Всходило солнце, и узкая полоска скошенной ржи, доверчиво жавшаяся к дороге, заструилась расплавленным золотом. Река и солнце играли друг с другом, обмениваясь веселыми зайчиками. Лес встречал утро величаво, ревниво храня свои восторги. Ни один листик не колыхнулся, ни одна пичуга не вскрикнула от радости. "Что за чертовщина, - с отвращением подумал он, - такого еще не бывало". Тихий лес был не по душе Калугину. Только в ветреную погоду лес оживал, как человек после сна.

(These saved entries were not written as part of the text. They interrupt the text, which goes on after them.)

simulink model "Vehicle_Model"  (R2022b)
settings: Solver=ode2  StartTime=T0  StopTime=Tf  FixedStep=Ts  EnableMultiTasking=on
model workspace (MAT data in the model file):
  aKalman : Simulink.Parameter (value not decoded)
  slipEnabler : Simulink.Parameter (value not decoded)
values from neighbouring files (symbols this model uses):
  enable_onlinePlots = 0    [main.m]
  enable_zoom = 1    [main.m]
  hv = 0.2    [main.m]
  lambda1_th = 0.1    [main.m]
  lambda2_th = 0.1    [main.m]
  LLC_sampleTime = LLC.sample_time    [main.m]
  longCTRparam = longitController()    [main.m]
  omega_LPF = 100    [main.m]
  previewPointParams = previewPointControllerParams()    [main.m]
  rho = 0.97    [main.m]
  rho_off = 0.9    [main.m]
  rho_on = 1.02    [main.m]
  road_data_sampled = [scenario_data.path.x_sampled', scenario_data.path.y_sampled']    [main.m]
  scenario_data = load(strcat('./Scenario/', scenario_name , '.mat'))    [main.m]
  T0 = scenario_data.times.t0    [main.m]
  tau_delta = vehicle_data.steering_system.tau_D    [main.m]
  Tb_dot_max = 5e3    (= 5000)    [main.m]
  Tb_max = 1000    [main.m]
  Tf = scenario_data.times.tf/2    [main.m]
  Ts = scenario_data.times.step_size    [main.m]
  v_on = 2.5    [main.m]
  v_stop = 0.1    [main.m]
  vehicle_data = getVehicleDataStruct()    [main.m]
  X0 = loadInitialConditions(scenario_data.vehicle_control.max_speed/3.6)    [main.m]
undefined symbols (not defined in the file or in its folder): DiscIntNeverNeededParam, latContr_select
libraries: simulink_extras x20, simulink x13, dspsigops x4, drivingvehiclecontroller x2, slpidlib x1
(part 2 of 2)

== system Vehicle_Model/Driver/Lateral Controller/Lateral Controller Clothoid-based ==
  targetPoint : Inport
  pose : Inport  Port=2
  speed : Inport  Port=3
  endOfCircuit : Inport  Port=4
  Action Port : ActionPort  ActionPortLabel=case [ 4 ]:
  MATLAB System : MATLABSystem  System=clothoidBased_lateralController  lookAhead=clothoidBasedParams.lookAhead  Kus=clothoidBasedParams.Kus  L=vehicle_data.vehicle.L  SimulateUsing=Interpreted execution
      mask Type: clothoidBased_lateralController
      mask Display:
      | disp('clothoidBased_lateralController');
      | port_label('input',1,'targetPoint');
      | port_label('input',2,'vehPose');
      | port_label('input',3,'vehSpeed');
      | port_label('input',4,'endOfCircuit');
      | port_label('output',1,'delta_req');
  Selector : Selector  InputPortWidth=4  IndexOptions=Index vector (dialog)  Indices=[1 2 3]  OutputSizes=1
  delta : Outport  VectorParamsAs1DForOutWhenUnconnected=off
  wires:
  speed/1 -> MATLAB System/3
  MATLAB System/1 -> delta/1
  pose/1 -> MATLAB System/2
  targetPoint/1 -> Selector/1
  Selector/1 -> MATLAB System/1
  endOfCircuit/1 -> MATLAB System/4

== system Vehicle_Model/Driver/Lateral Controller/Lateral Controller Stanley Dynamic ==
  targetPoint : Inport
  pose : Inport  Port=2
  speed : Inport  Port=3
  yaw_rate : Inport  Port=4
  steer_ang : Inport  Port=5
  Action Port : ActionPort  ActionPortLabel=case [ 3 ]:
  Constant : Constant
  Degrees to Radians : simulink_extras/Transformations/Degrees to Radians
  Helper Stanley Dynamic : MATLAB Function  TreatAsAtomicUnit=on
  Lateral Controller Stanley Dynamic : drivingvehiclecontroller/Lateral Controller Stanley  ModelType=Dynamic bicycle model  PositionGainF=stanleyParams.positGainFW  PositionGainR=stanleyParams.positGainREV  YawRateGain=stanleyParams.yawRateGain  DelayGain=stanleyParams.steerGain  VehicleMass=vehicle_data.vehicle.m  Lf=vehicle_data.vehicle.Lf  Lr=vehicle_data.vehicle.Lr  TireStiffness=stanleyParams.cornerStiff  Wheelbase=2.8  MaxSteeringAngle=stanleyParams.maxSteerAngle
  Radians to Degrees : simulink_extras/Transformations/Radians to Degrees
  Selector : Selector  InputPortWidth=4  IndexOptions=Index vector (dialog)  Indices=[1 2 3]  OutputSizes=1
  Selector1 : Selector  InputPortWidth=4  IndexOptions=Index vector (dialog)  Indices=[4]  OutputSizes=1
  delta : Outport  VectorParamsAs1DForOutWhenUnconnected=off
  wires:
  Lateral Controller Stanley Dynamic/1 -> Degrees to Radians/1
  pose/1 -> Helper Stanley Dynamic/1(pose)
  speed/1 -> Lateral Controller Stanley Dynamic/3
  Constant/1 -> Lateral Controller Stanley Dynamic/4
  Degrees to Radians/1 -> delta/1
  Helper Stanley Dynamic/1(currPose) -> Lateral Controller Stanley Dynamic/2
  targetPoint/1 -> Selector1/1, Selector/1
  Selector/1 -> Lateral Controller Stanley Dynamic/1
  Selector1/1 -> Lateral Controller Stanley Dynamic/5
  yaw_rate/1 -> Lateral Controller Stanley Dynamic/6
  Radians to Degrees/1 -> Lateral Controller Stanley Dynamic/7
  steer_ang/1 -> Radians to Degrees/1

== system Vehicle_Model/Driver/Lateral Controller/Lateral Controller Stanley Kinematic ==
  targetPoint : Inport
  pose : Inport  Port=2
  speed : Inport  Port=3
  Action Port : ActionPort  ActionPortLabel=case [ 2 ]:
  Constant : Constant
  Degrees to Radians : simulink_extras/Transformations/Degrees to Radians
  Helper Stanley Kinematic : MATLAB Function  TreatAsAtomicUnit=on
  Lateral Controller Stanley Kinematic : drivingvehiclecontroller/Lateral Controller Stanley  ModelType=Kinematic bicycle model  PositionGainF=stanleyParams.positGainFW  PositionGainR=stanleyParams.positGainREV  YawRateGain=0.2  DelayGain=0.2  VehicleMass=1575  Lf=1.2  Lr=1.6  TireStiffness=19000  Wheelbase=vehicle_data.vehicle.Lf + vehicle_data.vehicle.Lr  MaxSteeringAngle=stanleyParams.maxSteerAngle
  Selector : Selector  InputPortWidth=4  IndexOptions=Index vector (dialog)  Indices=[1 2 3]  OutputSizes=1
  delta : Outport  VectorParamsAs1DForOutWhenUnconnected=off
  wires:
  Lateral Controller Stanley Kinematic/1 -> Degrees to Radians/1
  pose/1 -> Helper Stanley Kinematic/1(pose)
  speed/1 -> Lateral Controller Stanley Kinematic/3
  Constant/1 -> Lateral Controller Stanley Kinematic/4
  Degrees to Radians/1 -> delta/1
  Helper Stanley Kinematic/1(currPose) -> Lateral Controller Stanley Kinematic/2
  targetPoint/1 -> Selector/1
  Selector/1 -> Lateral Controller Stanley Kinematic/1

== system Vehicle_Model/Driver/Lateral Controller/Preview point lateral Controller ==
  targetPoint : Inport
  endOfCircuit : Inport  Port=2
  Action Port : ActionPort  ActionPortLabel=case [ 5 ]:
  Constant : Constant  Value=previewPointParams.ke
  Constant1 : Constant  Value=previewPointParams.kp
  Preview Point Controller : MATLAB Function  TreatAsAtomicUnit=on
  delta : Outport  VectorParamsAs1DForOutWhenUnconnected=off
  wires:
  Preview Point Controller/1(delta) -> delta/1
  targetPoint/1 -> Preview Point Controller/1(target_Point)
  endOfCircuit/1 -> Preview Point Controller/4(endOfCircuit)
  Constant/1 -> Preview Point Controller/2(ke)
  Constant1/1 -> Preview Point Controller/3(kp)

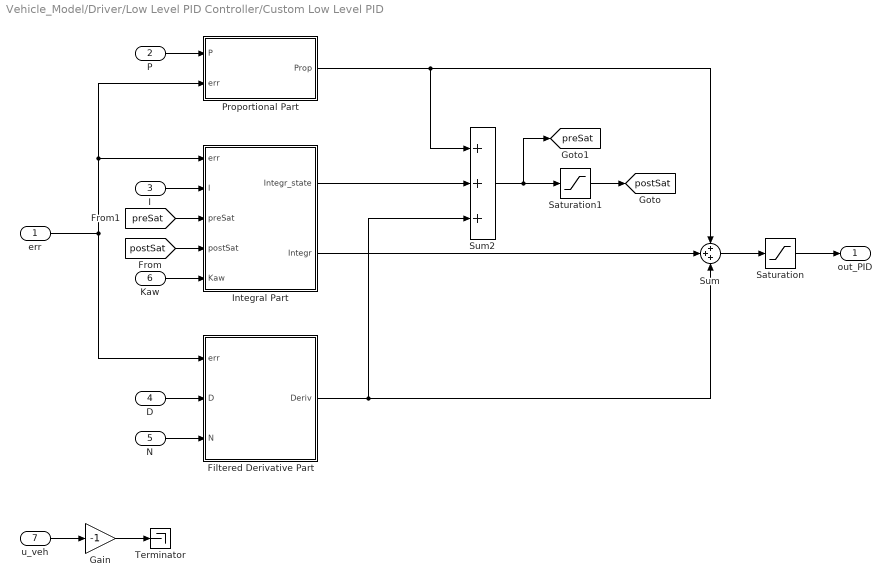
== system Vehicle_Model/Driver/Low Level PID Controller/Custom Low Level PID ==
  err : Inport
  P : Inport  Port=2
  I : Inport  Port=3
  D : Inport  Port=4
  N : Inport  Port=5
  Kaw : Inport  Port=6
  u_veh : Inport  Port=7
  Filtered Derivative Part : Subsystem
  Gain : Gain  Gain=-1
  Integral Part : Subsystem
  Proportional Part : Subsystem
  Saturation : Saturate  UpperLimit=1  LowerLimit=-1  LinearizeAsGain=off
  Saturation1 : Saturate  UpperLimit=1  LowerLimit=-1  LinearizeAsGain=off
  Sum : Sum  Inputs=+++
  Sum2 : Sum  Inputs=+++
  Terminator : Terminator
  out_PID : Outport  VectorParamsAs1DForOutWhenUnconnected=off
  tag scope: postSat=global, preSat=global
  wires:
  Sum2/1 -> [preSat], Saturation1/1
  Sum/1 -> Saturation/1
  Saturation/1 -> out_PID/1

Едва слышно начинали шуметь сперва те деревья, что стояли ближе к опушке, потом они свое волнение передавали вглубь, в чащу, и вот уже весь лес дыбился, и гудел, и стонал, и грозился своей мощью, и звал на помощь. В такие часы лес был сродни морю. И там и тут - зеленые косматые волны, и там и тут - могучая сила, и там и тут - жизнь...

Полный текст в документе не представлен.